Identifying monomeric Fe species for efficient direct methane oxidation to C1 oxygenates with H2O2 over Fe/MOR catalysts

Abstract

Exploring advanced catalysts and reaction systems operated at mild reaction conditions is crucial for conducting the direct methane oxidation reaction toward oxygenate products. Many efforts have been put into research on pentasil-type (MFI) zeolites based on mononuclear and/or binuclear iron sites, using H2O2 as the oxidant. In this work, we present a modified liquid ion-exchange method to better control Fe loading in a mordenite-type (MOR) zeolite with a Si/Al molar ratio of 9. The optimized Fe/MOR catalyst showed excellent performance in the direct methane oxidation reaction with turnover frequencies (TOFs) of 555 h-1 to C1 oxygenates, significantly better than the reported activity.
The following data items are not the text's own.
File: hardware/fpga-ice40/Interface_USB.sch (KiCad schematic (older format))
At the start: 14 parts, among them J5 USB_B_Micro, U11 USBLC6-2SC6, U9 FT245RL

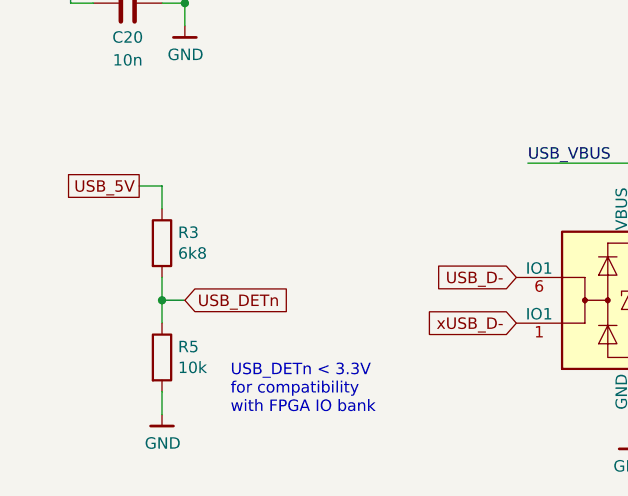
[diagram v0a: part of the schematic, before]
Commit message: Routed N64, DRAM, FIFO, and SD card interfaces
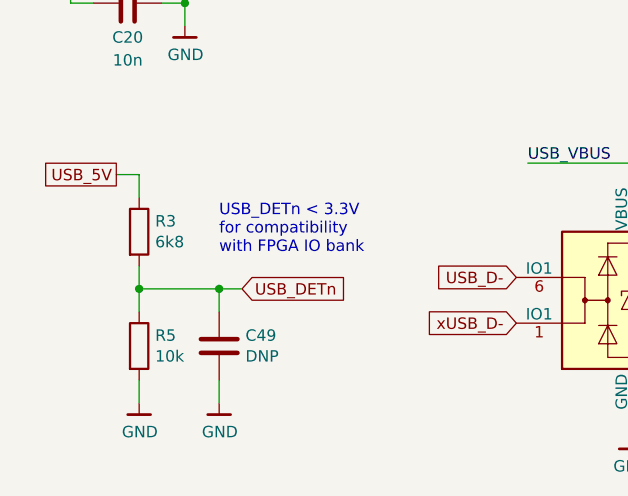
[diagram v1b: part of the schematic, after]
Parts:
- added C49: DNP, Capacitor_SMD:C_0603_1608Metric, symbol Device:C
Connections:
- net GND: now also C49.2
- net USB_DETn: now also C49.1
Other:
- moved on the sheet: R3, R5
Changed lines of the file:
@@
 L Device:R R?
 U 1 1 5F3148AD
-P 3150 4500
+P 3050 4450
 AR Path="/5F3148AD" Ref="R?"  Part="1"
 AR Path="/5F302051/5F3148AD" Ref="R3"  Part="1"
-F 0 "R3" H 3220 4546 50  0000 L CNN
-F 1 "6k8" H 3220 4455 50  0000 L CNN
-F 2 "Resistor_SMD:R_0603_1608Metric" V 3080 4500 50  0001 C CNN
-F 3 "~" H 3150 4500 50  0001 C CNN
-F 4 "RC0603FR-076K8L" H 3150 4500 50  0001 C CNN "MPN"
-	1    3150 4500
-	1    0    0    -1
-$EndComp
-$Comp
-L Device:R R?
-U 1 1 5F3148B3
-P 3150 5000
-AR Path="/5F3148B3" Ref="R?"  Part="1"
-AR Path="/5F302051/5F3148B3" Ref="R5"  Part="1"
-F 0 "R5" H 3220 5046 50  0000 L CNN
-F 1 "10k" H 3220 4955 50  0000 L CNN
-F 2 "Resistor_SMD:R_0603_1608Metric" V 3080 5000 50  0001 C CNN
-F 3 "~" H 3150 5000 50  0001 C CNN
-F 4 "RC0603FR-0710KL" H 3150 5000 50  0001 C CNN "MPN"
-	1    3150 5000
-	1    0    0    -1
-$EndComp
-Wire Wire Line
-	3150 5150 3150 5250
+F 0 "R3" H 3120 4496 50  0000 L CNN
+F 1 "6k8" H 3120 4405 50  0000 L CNN
+F 2 "Resistor_SMD:R_0603_1608Metric" V 2980 4450 50  0001 C CNN
+F 3 "~" H 3050 4450 50  0001 C CNN
+F 4 "RC0603FR-076K8L" H 3050 4450 50  0001 C CNN "MPN"
+	1    3050 4450
+	1    0    0    -1
+$EndComp
+Wire Wire Line
+	3050 5100 3050 5200
 $Comp
 L ng_power:GND #PWR?
 U 1 1 5F3148BA
-P 3150 5250
+P 3050 5200
 AR Path="/5F3148BA" Ref="#PWR?"  Part="1"
 AR Path="/5F302051/5F3148BA" Ref="#PWR024"  Part="1"
-F 0 "#PWR024" H 3150 5000 50  0001 C CNN
-F 1 "GND" H 3153 5124 50  0000 C CNN
-F 2 "" H 3050 4900 50  0001 C CNN
-F 3 "" H 3150 5250 50  0001 C CNN
-	1    3150 5250
-	1    0    0    -1
-$EndComp
-Wire Wire Line
-	3150 4650 3150 4750
-Wire Wire Line
-	3150 4350 3150 4250
-Wire Wire Line
-	3150 4250 3050 4250
-Wire Wire Line
-	3150 4750 3250 4750
-Connection ~ 3150 4750
-Wire Wire Line
-	3150 4750 3150 4850
-Text GLabel 3250 4750 2    50   Input ~ 0
+F 0 "#PWR024" H 3050 4950 50  0001 C CNN
+F 1 "GND" H 3053 5074 50  0000 C CNN
+F 2 "" H 2950 4850 50  0001 C CNN
+F 3 "" H 3050 5200 50  0001 C CNN
+	1    3050 5200
+	1    0    0    -1
+$EndComp
+Wire Wire Line
+	3050 4600 3050 4700
+Wire Wire Line
+	3050 4300 3050 4200
+Wire Wire Line
+	3050 4200 2950 4200
+Wire Wire Line
+	3050 4700 3400 4700
+Connection ~ 3050 4700
+Wire Wire Line
+	3050 4700 3050 4800
+Text GLabel 3500 4700 2    50   Input ~ 0
 USB_DETn
 $Comp
@@
 Text GLabel 4800 2450 2    50   UnSpc ~ 0
 USB_5V
-Text GLabel 3050 4250 0    50   UnSpc ~ 0
+Text GLabel 2950 4200 0    50   UnSpc ~ 0
 USB_5V
 $Comp
@@
 Text Label 3250 2450 0    50   ~ 0
 USB_VBUS
-Text Notes 3450 5250 0    50   ~ 0
+Text Notes 3400 4550 0    50   ~ 0
 USB_DETn < 3.3V\nfor compatibility\nwith FPGA IO bank
 $Comp
@@
 Wire Wire Line
 	4700 2450 4800 2450
+Wire Wire Line
+	3400 4800 3400 4700
+Connection ~ 3400 4700
+Wire Wire Line
+	3400 4700 3500 4700
+Wire Wire Line
+	3400 5100 3400 5200
+$Comp
+L ng_power:GND #PWR?
+U 1 1 5F312C25
+P 3400 5200
+AR Path="/5F312C25" Ref="#PWR?"  Part="1"
+AR Path="/5F302051/5F312C25" Ref="#PWR039"  Part="1"
+F 0 "#PWR039" H 3400 4950 50  0001 C CNN
+F 1 "GND" H 3403 5074 50  0000 C CNN
+F 2 "" H 3300 4850 50  0001 C CNN
+F 3 "" H 3400 5200 50  0001 C CNN
+	1    3400 5200
+	1    0    0    -1
+$EndComp
+$Comp
+L Device:R R?
+U 1 1 5F3148B3
+P 3050 4950
+AR Path="/5F3148B3" Ref="R?"  Part="1"
+AR Path="/5F302051/5F3148B3" Ref="R5"  Part="1"
+F 0 "R5" H 3120 4996 50  0000 L CNN
+F 1 "10k" H 3120 4905 50  0000 L CNN
+F 2 "Resistor_SMD:R_0603_1608Metric" V 2980 4950 50  0001 C CNN
+F 3 "~" H 3050 4950 50  0001 C CNN
+F 4 "RC0603FR-0710KL" H 3050 4950 50  0001 C CNN "MPN"
+	1    3050 4950
+	1    0    0    -1
+$EndComp
+$Comp
+L Device:C C49
+U 1 1 5F31C8F6
+P 3400 4950
+F 0 "C49" H 3515 4996 50  0000 L CNN
+F 1 "DNP" H 3515 4905 50  0000 L CNN
+F 2 "Capacitor_SMD:C_0603_1608Metric" H 3438 4800 50  0001 C CNN
+F 3 "~" H 3400 4950 50  0001 C CNN
+	1    3400 4950
+	1    0    0    -1
+$EndComp
 $EndSCHEMATC

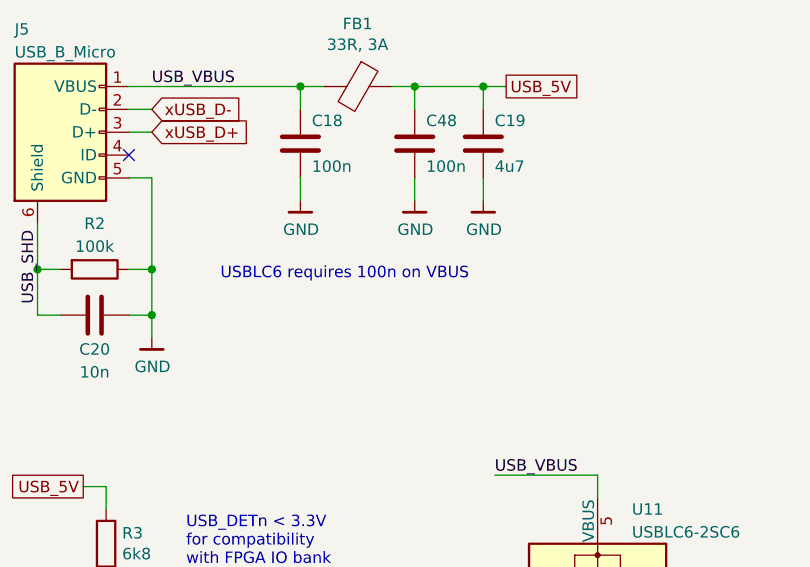
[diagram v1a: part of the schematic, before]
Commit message: Fix two misrouted power traces in USB section
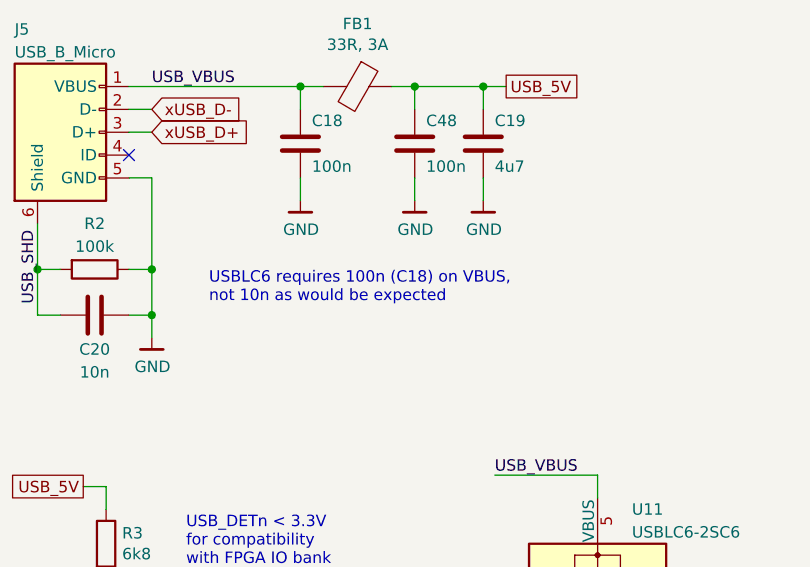
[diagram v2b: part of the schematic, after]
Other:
- note added: "USBLC6 requires 100n (C18) on VBUS,\nnot 10n as would be expected"
- note removed: "USBLC6 requires 100n on VBUS"
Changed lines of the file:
@@
 Text Label 4750 4150 0    50   ~ 0
 USB_VBUS
-Text Notes 3550 3300 0    50   ~ 0
-USBLC6 requires 100n on VBUS
+Text Notes 3500 3400 0    50   ~ 0
+USBLC6 requires 100n (C18) on VBUS,\nnot 10n as would be expected
 Wire Wire Line
 	4300 2450 4400 2450

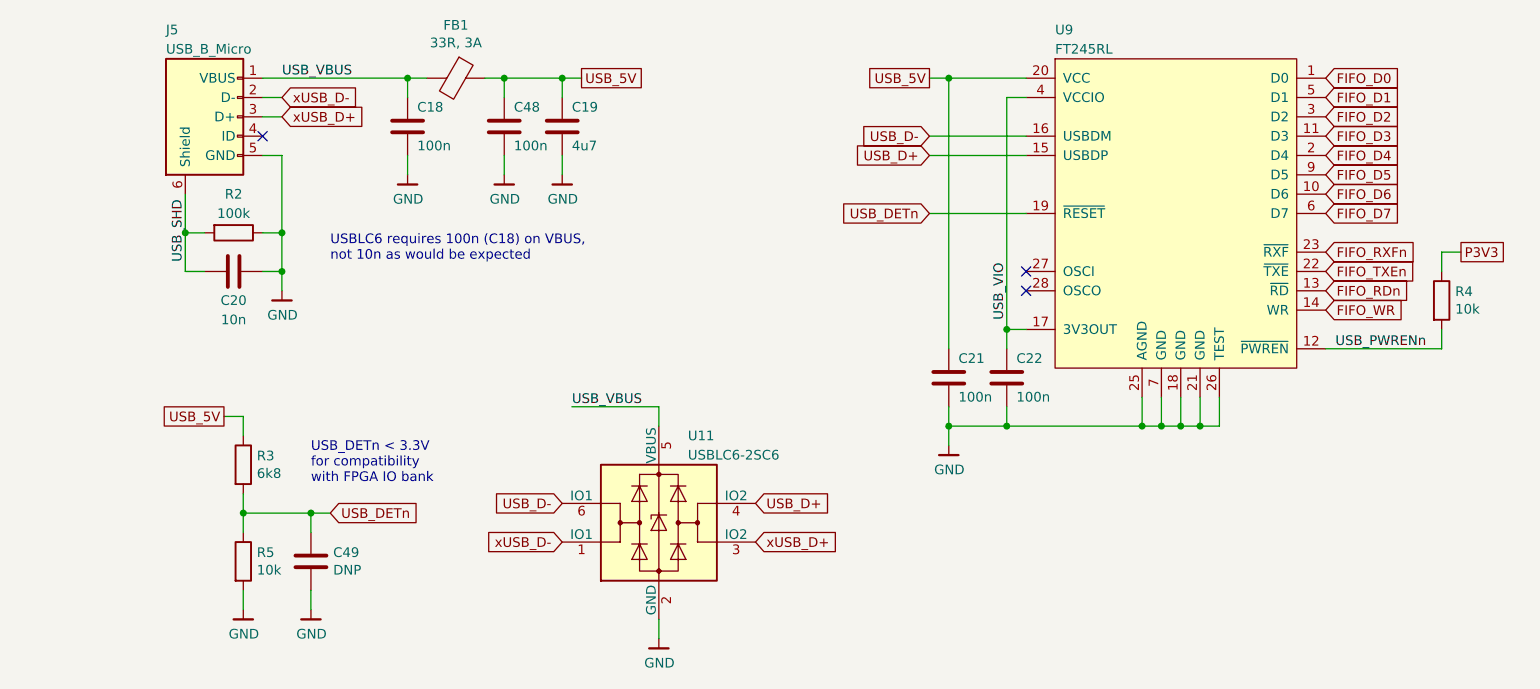
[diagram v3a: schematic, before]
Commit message: Confirmed controlled impedance and decoupling specifications
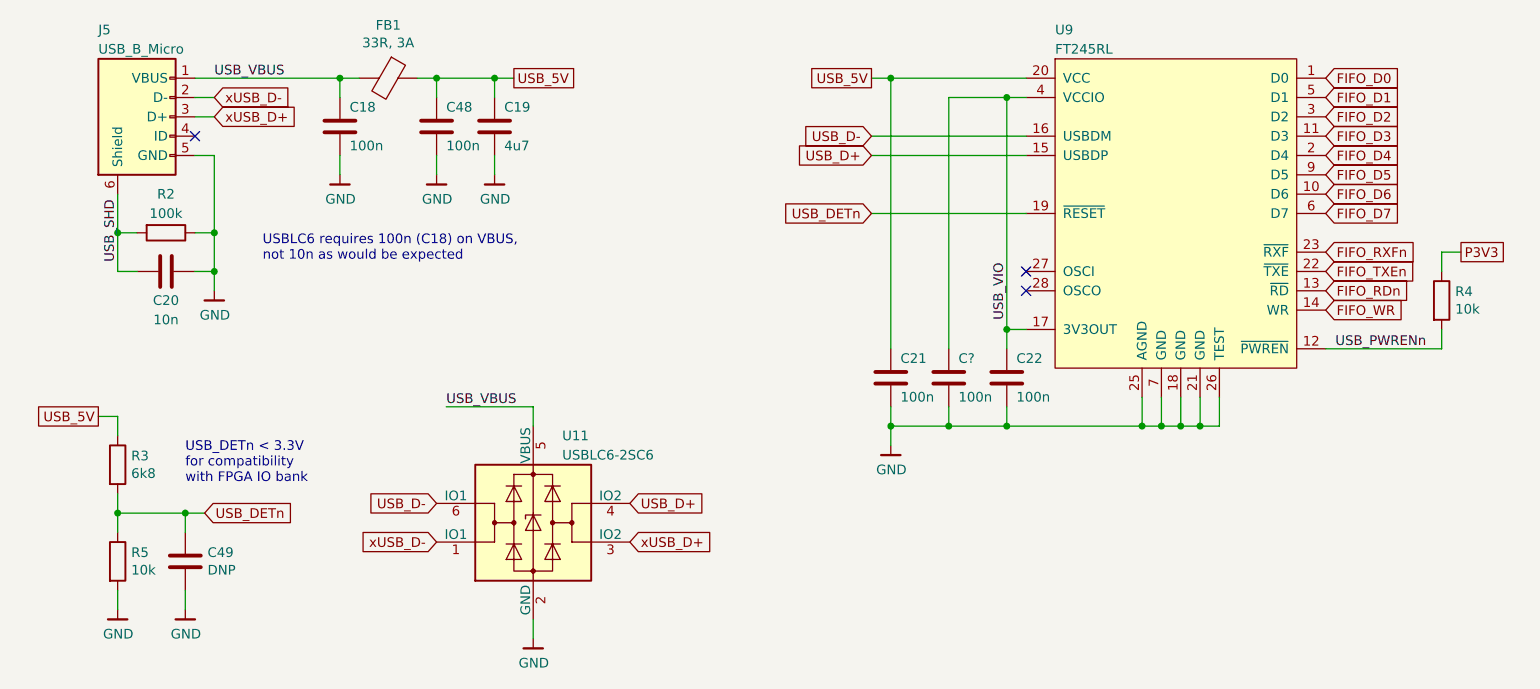
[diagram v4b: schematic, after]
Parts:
- added C?: 100n, Capacitor_SMD:C_0603_1608Metric, symbol Device:C
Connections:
- net GND: now also C?.2
- net USB_VIO: now also C?.1
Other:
- moved on the sheet: C18, C19, C20, C21, C48, C49, FB1, J5, R2, R3, R5, U11

Multiple comparative experiments were conducted to reveal the mechanism behind the performance. Strikingly, the active sites in the Fe/MOR catalyst were found to be mononuclear iron sites, confirmed by transmission electron microscopy (TEM), ultraviolet-visible diffuse reflectance spectroscopy (UV-vis DRS), and X-ray absorption spectroscopy (XAS). Increasing the iron loading led to the aggregation of the iron sites, which tend to trigger undesirable side reactions (i.e., H2O2 decomposition and over-oxidation), resulting in a significant decrease in TOFs to C1 oxygenates.